| PROBLEM STATEMENT |
Retype every line of the data below, starting with the first and ending with the line that contains "-0.125, 0.125, -0.125])", but leave out the pictures.

____

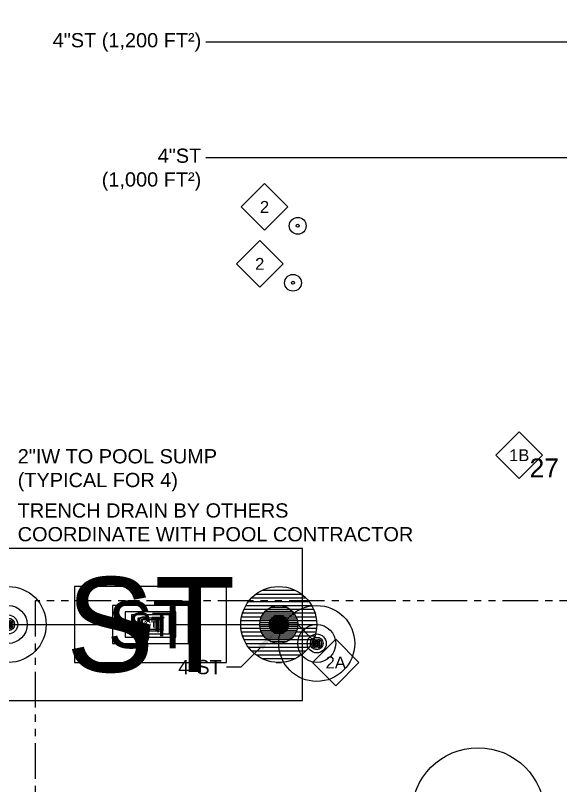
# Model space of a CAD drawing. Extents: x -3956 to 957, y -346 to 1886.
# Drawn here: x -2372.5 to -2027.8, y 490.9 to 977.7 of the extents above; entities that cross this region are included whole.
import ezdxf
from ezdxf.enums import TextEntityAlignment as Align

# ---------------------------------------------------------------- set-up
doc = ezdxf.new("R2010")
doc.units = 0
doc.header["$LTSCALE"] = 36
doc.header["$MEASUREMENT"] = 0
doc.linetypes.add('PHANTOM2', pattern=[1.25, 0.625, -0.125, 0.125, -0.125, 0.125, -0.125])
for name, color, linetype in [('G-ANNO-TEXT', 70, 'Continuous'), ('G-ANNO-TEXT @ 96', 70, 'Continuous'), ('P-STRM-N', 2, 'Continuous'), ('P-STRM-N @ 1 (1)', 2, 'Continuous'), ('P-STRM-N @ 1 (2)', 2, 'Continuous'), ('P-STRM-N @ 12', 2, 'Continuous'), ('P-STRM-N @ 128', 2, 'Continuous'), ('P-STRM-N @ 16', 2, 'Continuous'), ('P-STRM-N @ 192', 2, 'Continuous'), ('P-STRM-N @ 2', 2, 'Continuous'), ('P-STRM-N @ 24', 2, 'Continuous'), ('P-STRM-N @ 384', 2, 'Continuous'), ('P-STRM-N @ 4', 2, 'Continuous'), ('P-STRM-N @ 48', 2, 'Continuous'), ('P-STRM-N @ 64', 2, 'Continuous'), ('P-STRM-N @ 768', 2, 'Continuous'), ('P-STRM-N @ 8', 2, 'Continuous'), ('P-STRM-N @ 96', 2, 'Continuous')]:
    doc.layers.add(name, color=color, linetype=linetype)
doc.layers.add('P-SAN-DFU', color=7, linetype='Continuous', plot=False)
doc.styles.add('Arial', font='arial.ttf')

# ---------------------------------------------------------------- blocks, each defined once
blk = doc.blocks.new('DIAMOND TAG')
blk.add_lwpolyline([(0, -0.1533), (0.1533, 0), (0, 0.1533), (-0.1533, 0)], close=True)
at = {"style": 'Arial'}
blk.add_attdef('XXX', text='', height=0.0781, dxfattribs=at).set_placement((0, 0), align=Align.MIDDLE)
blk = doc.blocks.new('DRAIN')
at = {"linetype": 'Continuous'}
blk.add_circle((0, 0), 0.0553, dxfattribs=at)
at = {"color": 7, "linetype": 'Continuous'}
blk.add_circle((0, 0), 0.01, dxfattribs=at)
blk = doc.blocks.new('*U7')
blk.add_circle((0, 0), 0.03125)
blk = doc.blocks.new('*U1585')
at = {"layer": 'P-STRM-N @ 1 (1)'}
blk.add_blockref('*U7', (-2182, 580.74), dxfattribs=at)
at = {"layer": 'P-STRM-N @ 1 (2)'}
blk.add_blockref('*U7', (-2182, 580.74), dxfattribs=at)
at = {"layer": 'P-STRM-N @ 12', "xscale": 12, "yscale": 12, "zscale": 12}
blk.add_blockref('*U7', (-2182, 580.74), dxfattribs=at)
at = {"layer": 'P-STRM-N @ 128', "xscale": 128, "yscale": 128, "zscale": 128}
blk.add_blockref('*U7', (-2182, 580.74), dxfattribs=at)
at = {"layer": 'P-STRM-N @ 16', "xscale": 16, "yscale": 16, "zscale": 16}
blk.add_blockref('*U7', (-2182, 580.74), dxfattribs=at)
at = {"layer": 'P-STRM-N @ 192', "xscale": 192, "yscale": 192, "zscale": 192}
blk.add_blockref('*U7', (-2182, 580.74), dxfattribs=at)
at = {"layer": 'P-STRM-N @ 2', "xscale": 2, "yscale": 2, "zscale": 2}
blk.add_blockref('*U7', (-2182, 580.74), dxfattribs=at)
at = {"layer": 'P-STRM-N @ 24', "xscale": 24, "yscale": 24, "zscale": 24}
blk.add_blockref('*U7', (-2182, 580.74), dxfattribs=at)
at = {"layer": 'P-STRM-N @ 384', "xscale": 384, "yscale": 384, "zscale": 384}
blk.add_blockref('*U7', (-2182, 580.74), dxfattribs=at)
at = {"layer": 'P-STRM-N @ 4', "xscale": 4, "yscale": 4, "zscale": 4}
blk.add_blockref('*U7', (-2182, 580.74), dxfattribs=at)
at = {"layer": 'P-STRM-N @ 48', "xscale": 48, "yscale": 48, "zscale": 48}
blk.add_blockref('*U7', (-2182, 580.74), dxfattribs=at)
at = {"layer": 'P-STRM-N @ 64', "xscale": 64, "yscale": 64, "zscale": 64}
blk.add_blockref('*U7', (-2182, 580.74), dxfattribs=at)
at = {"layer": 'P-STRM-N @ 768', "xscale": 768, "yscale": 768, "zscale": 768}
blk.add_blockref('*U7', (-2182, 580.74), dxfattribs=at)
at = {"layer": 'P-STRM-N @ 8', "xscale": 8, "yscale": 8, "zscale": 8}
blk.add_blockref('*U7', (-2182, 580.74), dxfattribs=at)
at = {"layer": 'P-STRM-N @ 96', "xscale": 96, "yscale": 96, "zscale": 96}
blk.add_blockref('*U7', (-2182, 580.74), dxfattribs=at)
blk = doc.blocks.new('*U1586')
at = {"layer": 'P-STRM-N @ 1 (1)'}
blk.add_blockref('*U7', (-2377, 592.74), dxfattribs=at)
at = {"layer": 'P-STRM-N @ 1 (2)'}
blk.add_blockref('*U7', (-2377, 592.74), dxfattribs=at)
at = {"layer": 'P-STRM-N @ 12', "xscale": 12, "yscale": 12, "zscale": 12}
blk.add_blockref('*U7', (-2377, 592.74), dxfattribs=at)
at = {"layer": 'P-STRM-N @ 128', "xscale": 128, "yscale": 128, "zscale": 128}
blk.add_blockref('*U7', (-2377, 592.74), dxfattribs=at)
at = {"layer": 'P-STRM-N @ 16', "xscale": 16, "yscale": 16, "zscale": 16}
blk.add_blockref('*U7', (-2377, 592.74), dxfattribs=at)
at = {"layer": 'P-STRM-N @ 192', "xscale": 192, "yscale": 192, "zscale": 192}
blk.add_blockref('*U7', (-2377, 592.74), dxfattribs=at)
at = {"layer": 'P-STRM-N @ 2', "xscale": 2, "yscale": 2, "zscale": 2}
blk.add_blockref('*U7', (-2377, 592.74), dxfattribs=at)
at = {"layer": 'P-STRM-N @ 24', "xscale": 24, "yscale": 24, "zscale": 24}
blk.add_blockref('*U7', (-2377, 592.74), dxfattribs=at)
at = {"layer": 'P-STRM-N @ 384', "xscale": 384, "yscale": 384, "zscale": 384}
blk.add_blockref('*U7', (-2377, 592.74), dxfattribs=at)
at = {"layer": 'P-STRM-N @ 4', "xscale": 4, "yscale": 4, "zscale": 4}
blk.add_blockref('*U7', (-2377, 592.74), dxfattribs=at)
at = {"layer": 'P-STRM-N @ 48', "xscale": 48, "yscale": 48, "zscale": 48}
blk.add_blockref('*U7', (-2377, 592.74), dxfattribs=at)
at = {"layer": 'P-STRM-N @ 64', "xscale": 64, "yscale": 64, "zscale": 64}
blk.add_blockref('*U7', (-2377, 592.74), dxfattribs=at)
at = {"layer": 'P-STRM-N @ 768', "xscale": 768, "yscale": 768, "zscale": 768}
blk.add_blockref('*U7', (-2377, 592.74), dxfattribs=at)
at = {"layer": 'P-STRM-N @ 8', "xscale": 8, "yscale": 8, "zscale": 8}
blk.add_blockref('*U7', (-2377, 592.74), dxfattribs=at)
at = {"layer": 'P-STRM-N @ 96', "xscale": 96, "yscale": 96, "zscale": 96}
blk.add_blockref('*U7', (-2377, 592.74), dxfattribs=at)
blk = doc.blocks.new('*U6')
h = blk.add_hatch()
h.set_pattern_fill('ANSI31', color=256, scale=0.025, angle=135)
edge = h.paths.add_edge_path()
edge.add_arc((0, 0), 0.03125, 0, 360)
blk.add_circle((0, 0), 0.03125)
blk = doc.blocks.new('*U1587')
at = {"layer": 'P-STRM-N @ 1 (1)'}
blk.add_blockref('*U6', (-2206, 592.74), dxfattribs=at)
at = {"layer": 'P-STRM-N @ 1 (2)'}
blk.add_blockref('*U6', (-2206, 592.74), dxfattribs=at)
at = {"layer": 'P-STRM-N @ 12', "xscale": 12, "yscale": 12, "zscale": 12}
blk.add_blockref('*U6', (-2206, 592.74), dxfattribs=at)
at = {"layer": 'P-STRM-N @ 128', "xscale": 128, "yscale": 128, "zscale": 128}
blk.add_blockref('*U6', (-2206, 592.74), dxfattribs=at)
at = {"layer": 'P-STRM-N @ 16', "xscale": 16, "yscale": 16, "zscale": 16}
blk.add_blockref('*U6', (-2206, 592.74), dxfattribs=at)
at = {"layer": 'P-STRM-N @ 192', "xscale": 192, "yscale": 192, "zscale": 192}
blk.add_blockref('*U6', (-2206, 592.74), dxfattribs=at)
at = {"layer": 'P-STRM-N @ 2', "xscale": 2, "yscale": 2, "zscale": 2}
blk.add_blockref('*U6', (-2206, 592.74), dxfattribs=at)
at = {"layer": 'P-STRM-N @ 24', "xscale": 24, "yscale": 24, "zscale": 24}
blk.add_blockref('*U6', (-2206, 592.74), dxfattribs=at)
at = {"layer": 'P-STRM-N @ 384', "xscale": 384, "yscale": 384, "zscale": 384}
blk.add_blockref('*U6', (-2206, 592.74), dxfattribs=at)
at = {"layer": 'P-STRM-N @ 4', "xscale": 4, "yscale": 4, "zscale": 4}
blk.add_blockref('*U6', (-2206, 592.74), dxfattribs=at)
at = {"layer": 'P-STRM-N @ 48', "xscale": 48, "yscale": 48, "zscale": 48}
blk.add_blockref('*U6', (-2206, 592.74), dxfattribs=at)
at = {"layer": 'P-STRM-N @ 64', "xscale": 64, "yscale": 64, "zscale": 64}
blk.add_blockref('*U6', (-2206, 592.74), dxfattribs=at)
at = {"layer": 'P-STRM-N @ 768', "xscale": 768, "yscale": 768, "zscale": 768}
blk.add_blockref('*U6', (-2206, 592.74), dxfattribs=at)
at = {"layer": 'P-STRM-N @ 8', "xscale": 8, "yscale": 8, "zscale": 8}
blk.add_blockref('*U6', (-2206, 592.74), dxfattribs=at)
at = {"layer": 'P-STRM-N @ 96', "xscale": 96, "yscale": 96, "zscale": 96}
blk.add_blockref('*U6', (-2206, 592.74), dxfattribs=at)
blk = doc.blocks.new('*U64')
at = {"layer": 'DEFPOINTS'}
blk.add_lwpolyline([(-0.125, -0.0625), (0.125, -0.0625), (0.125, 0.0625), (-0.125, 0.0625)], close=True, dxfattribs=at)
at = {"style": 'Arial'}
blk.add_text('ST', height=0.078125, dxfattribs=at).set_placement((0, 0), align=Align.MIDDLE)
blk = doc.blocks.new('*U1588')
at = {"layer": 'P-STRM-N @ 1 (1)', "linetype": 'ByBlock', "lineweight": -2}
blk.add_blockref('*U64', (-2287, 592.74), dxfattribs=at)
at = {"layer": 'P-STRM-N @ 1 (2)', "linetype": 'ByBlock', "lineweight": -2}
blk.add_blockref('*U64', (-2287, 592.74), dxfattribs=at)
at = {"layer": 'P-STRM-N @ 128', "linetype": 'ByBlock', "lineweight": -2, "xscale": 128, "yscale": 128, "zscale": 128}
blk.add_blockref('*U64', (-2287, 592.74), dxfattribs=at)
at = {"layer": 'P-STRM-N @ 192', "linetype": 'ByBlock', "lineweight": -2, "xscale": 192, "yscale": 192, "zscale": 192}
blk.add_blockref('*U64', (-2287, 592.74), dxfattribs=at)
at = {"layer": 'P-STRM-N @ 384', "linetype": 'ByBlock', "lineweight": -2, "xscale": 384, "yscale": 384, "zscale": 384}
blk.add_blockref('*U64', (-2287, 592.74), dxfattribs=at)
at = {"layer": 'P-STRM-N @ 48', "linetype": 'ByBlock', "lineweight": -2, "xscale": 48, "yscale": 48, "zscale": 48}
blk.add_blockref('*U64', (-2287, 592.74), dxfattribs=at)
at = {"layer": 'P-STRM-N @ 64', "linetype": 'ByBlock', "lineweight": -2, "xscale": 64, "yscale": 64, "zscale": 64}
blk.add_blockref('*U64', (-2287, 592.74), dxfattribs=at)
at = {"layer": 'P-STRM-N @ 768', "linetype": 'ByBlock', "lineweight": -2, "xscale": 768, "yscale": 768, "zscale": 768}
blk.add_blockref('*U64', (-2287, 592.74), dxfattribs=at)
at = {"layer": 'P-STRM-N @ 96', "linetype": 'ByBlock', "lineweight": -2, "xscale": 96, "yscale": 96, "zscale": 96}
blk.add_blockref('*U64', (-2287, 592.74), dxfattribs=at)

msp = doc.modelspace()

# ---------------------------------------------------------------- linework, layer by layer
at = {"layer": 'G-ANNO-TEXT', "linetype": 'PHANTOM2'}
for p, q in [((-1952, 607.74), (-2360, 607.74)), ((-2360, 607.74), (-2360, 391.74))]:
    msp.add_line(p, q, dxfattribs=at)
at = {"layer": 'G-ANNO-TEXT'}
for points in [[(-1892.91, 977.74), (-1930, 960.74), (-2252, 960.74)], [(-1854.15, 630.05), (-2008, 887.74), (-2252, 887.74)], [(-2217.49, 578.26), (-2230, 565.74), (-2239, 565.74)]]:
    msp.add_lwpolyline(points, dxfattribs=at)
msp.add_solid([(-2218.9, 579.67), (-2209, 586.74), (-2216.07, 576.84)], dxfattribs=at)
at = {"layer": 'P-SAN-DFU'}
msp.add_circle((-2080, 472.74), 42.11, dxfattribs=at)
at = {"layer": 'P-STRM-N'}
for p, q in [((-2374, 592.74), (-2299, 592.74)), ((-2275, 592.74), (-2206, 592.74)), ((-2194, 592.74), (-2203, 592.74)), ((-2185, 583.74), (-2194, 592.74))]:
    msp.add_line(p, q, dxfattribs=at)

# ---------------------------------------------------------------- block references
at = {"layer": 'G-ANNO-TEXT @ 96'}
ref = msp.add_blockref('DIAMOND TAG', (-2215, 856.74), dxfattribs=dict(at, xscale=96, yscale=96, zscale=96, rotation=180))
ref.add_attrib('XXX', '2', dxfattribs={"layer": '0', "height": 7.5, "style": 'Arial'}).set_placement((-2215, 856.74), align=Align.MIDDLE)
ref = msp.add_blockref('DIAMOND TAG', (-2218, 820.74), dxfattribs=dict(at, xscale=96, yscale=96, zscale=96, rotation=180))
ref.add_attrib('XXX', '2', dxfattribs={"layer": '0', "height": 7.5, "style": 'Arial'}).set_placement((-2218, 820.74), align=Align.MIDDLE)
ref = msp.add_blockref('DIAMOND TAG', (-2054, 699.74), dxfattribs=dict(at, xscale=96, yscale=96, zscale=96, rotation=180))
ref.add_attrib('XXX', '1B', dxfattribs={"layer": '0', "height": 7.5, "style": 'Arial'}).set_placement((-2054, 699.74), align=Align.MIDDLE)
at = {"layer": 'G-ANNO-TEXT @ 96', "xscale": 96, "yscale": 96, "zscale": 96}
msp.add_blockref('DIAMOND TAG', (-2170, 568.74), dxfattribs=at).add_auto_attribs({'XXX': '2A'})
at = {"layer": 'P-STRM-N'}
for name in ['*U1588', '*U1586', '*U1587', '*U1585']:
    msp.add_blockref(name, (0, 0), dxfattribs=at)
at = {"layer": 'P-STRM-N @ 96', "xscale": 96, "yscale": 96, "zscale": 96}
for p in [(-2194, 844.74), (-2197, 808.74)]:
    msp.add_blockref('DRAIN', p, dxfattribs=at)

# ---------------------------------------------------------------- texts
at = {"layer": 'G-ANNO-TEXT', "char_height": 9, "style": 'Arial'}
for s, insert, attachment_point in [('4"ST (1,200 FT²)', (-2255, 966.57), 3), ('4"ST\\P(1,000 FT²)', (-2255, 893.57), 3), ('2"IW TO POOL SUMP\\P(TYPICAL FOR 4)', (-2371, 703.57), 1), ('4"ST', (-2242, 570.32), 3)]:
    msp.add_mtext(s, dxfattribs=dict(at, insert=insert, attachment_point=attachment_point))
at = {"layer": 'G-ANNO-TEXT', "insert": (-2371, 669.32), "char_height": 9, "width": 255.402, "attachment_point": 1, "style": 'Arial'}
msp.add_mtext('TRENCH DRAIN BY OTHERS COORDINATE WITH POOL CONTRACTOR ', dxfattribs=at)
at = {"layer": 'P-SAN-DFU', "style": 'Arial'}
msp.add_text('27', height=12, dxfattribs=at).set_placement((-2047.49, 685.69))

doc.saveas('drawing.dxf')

____

| RESPONSE FOR THIS EXERCISE |
# Model space of a CAD drawing. Extents: x -3956 to 957, y -346 to 1886.
# Drawn here: x -2372.5 to -2027.8, y 490.9 to 977.7 of the extents above; entities that cross this region are included whole.
import ezdxf
from ezdxf.enums import TextEntityAlignment as Align

# ---------------------------------------------------------------- set-up
doc = ezdxf.new("R2010")
doc.units = 0
doc.header["$LTSCALE"] = 36
doc.header["$MEASUREMENT"] = 0
doc.linetypes.add('PHANTOM2', pattern=[1.25, 0.625, -0.125, 0.125, -0.125, 0.125, -0.125])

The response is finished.